Hello all. I have searched the threads for help to address my specific problem, but I can only find responses that come close to answering specific questions. Please be patient if my questions appear to be similar to previous posts.
SCENARIO: I used the Tophat-Cufflinks-Cuffdiff pipeline in Galaxy to generate data for FPKM values and fold changes for 23,245 human genes. I have two equally-drug-treated, independently RNA-seq'ed samples (T1, T2) and two untreated samples (U1, U2). I am interested in quickly determining how reproducible the results between T1 and T2 may be for each gene of the 23,245 total.
APPROACH: I used Excel to make a volcano plot. My naive approach was for gene#1, use FPKM values T1:T2 (A1, B1) for the first array, and use FPKM values U1:U2 (C1, D1) for the second array, use a two-tailed t-test, and assume equal variance: =T.TEST(A1:B1,C1:D1,2,2). I ran this calculation separately for each of the 23,245 genes (using fill-down in column D). Then I plotted log(average-fold-change-of-the-two-experiments,2) vs. -log(p-value,10) for the 23,245 genes. The resulting plot looks reasonable enough.

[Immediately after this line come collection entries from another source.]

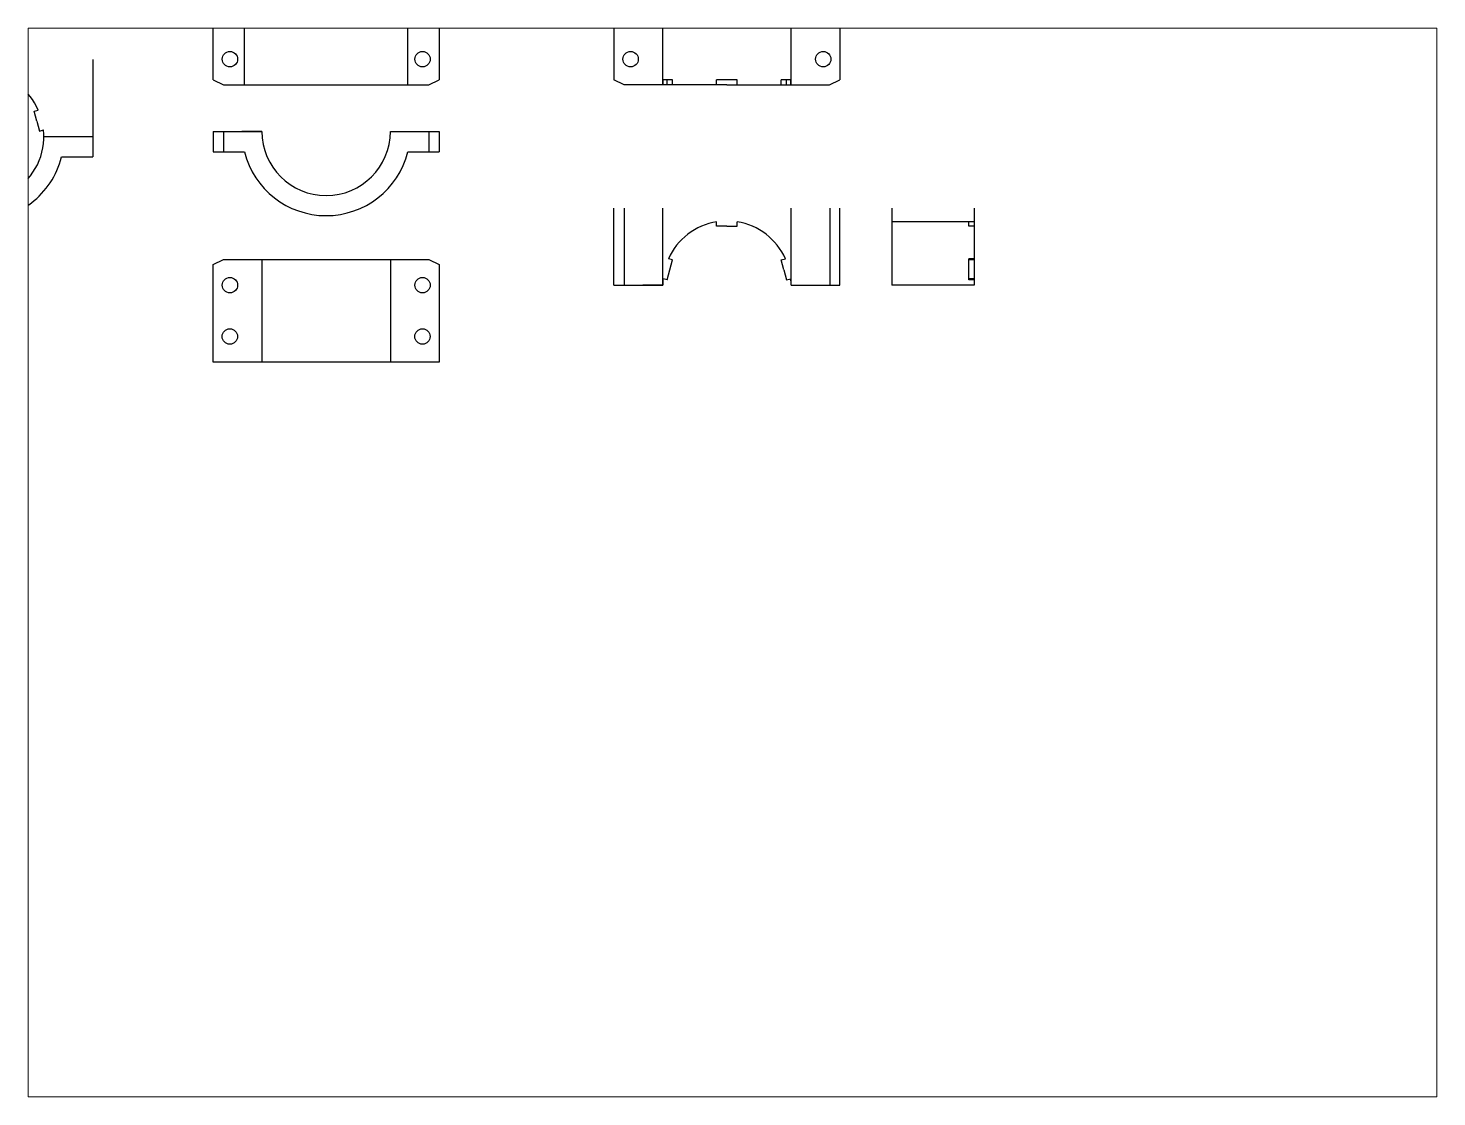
# Paper-space layout 'Layout1' of a CAD drawing. Header units: millimetres. Extents: x 26 to 231, y 20 to 176.
# The model-space entities are those that its viewports show. They can reach past a viewport. Long polylines and large blocks are cut down to what shows.
import ezdxf

# ---------------------------------------------------------------- set-up
doc = ezdxf.new("R2010")
doc.units = ezdxf.units.MM

msp = doc.modelspace()

# ---------------------------------------------------------------- linework, layer by layer
for p, q in [((1865.706, 1915.831), (1865.706, 1934.831)), ((1871.801, 1914.831), (1871.801, 1934.831)), ((1903.61, 1914.831), (1903.61, 1934.831)), ((1909.706, 1934.831), (1909.706, 1915.831)), ((1943.745, 1934.831), (1943.745, 1915.831)), ((1953.245, 1914.831), (1953.245, 1934.831)), ((1978.245, 1914.831), (1978.245, 1934.831)), ((1987.745, 1934.831), (1987.745, 1915.831)), ((1842.262, 1919.791), (1842.262, 1900.791)), ((1865.706, 1915.831), (1867.706, 1914.831)), ((1867.706, 1914.831), (1907.706, 1914.831)), ((1907.706, 1914.831), (1909.706, 1915.831)), ((1945.745, 1914.831), (1943.745, 1915.831)), ((1965.745, 1914.831), (1945.745, 1914.831)), ((1953.309, 1914.831), (1953.309, 1915.831)), ((1955.154, 1915.831), (1953.309, 1915.831)), ((1954.119, 1914.831), (1954.119, 1915.831)), ((1955.154, 1914.831), (1955.154, 1915.831)), ((1963.745, 1914.831), (1963.745, 1915.831)), ((1967.745, 1915.831), (1963.745, 1915.831)), ((1965.745, 1914.831), (1985.745, 1914.831)), ((1967.745, 1914.831), (1967.745, 1915.831)), ((1976.335, 1914.831), (1976.335, 1915.831)), ((1978.181, 1915.831), (1976.335, 1915.831)), ((1977.371, 1914.831), (1977.371, 1915.831)), ((1978.181, 1914.831), (1978.181, 1915.831)), ((1985.745, 1914.831), (1987.745, 1915.831)), ((1830.852, 1909.699), (1831.663, 1909.916)), ((1831.37, 1907.767), (1830.852, 1909.699)), ((1831.37, 1907.767), (1831.887, 1905.836)), ((1831.887, 1905.836), (1832.698, 1906.053)), ((1832.762, 1904.791), (1842.262, 1904.791)), ((1865.706, 1905.759), (1865.706, 1901.759)), ((1865.706, 1905.759), (1875.206, 1905.759)), ((1867.706, 1905.759), (1867.706, 1901.759)), ((1875.206, 1905.759), (1871.306, 1905.759)), ((1900.206, 1905.759), (1909.706, 1905.759)), ((1907.706, 1905.759), (1907.706, 1901.759)), ((1909.706, 1905.759), (1909.706, 1901.759)), ((1865.706, 1901.759), (1871.801, 1901.759)), ((1903.61, 1901.759), (1909.706, 1901.759)), ((1836.166, 1900.791), (1842.262, 1900.791)), ((1943.745, 1875.822), (1943.745, 1890.822)), ((1945.765, 1890.822), (1945.765, 1875.822)), ((1953.245, 1875.822), (1953.245, 1890.822)), ((1978.245, 1875.822), (1978.245, 1890.822)), ((1985.765, 1890.822), (1985.765, 1875.822)), ((1987.745, 1875.822), (1987.745, 1890.822)), ((1997.861, 1890.822), (1997.861, 1875.822)), ((2013.861, 1890.822), (2013.861, 1875.822)), ((1963.745, 1887.322), (1963.745, 1888.161)), ((1965.745, 1887.322), (1963.745, 1887.322)), ((1965.745, 1887.322), (1967.745, 1887.322)), ((1967.745, 1887.322), (1967.745, 1888.161)), ((2013.861, 1888.161), (1997.861, 1888.161)), ((2012.861, 1887.322), (2012.861, 1888.161)), ((2013.861, 1887.322), (2012.861, 1887.322)), ((1865.706, 1879.829), (1867.706, 1880.829)), ((1865.706, 1860.829), (1865.706, 1879.829)), ((1867.706, 1880.829), (1907.706, 1880.829)), ((1875.206, 1880.829), (1875.206, 1860.829)), ((1900.206, 1880.829), (1900.206, 1860.829)), ((1907.706, 1880.829), (1909.706, 1879.829)), ((1909.706, 1879.829), (1909.706, 1860.829)), ((1954.119, 1876.866), (1955.154, 1880.73)), ((1955.154, 1880.73), (1954.344, 1880.947)), ((1976.335, 1880.73), (1977.146, 1880.947)), ((1976.853, 1878.798), (1976.335, 1880.73)), ((2013.861, 1880.947), (2012.861, 1880.947)), ((2012.861, 1876.866), (2012.861, 1880.947)), ((2013.861, 1880.73), (2012.861, 1880.73)), ((1954.119, 1876.866), (1953.309, 1877.083)), ((1976.853, 1878.798), (1977.371, 1876.866)), ((1977.371, 1876.866), (1978.181, 1877.083)), ((2013.861, 1877.083), (2012.861, 1877.083)), ((2013.861, 1876.866), (2012.861, 1876.866)), ((1943.745, 1875.822), (1953.245, 1875.822)), ((1953.245, 1875.822), (1949.345, 1875.822)), ((1978.245, 1875.822), (1987.745, 1875.822)), ((2013.861, 1875.822), (1997.861, 1875.822)), ((1909.706, 1860.829), (1865.706, 1860.829))]:
    msp.add_line(p, q)
for centre in [(1868.973, 1919.831), (1906.478, 1919.831), (1946.992, 1919.831), (1984.497, 1919.831), (1868.973, 1875.829), (1906.478, 1875.829), (1868.953, 1865.829), (1906.458, 1865.829)]:
    msp.add_circle(centre, 1.5)
for centre, radius, start, end in [((1820.262, 1904.791), 12.5, 24.2069, 80.7931), ((1820.262, 1904.791), 12.5, 174.2069, 5.7931), ((1887.706, 1905.759), 12.5, 180, 0), ((1887.706, 1905.759), 16.4, 194.11698, 345.88302), ((1820.262, 1904.791), 16.4, 194.11698, 345.88302), ((1965.745, 1875.822), 12.5, 99.2069, 155.7931), ((1965.745, 1875.822), 12.5, 24.2069, 80.7931), ((1965.745, 1875.822), 12.5, 174.2069, 180), ((1965.745, 1875.822), 12.5, 0, 5.7931)]:
    msp.add_arc(centre, radius, start, end)

psp = doc.layouts.get("Layout1")

# ---------------------------------------------------------------- viewports
at = {"layer": '0'}
psp.add_viewport(center=(128.5, 97.5), size=(205.6, 156), view_center_point=(1966.831, 1821.81), view_height=208.1207, dxfattribs=at)

doc.saveas('drawing.dxf')

QUESTION: Is a T-test like this appropriate for identifying genes that have 'large' (very high and very low) fold changes consistently across two experiments? Is this publishable as long as I explain what I did? If not, what is a good approach for determining genes that appear to consistently respond to the treatment? The RNA-seq will not stand alone, it is for screening purposes...candidates will be tested by qRT-PCR time-course experiments.
Thank you for your time.
Thank you for your reply. Does DEseq require starting all over again from raw data? Can any of the options you listed take cuffdiff output as input data? I ask because I spent hours deleting and changing out-dated gene annotations from my cuffdiff output. Apparently the most recent hg19 gtf file is full of out-dated gene ID's.
I am afraid you'll have to start all over from bam files... You'll have to count the reads from bam files using something like featureCount (from subRead), and then import them to limma or DEseq.
But, if you want the newest genome annotation you could use hg38 instead of hg19, but then you'll have to align your fastq files (go back even rawer).
Just for clarity of understanding, edgeR and DEseq are also parametric tests. They just use a different distribution and share information between genes to estimate variance.
In general, when I tested this using simulation data (http://www.ncbi.nlm.nih.gov/pubmed/23314327 ), a t-test usually calculates accurate p-values and gives accurate results. However, the problem with a t-test is that it will be underpowered with only two replicates because it relies on the observed variance and the variance measured with two replicates is very uncertain. It works just fine with more reps.
edgeR, DEseq, and limma look at the average variance across genes to get a better estimate of what the true variance is for each individual gene. I believe limma is non-parametric. They will usually introduce some bias into what genes are called (i.e. higher variance genes will be more likely to be called) but it's not usually enough to screw up your results. But expect to get a different dataset with your new analysis. Neither dataset is wrong - they are just identifying different subsets of your "true" deferentially expressed genes.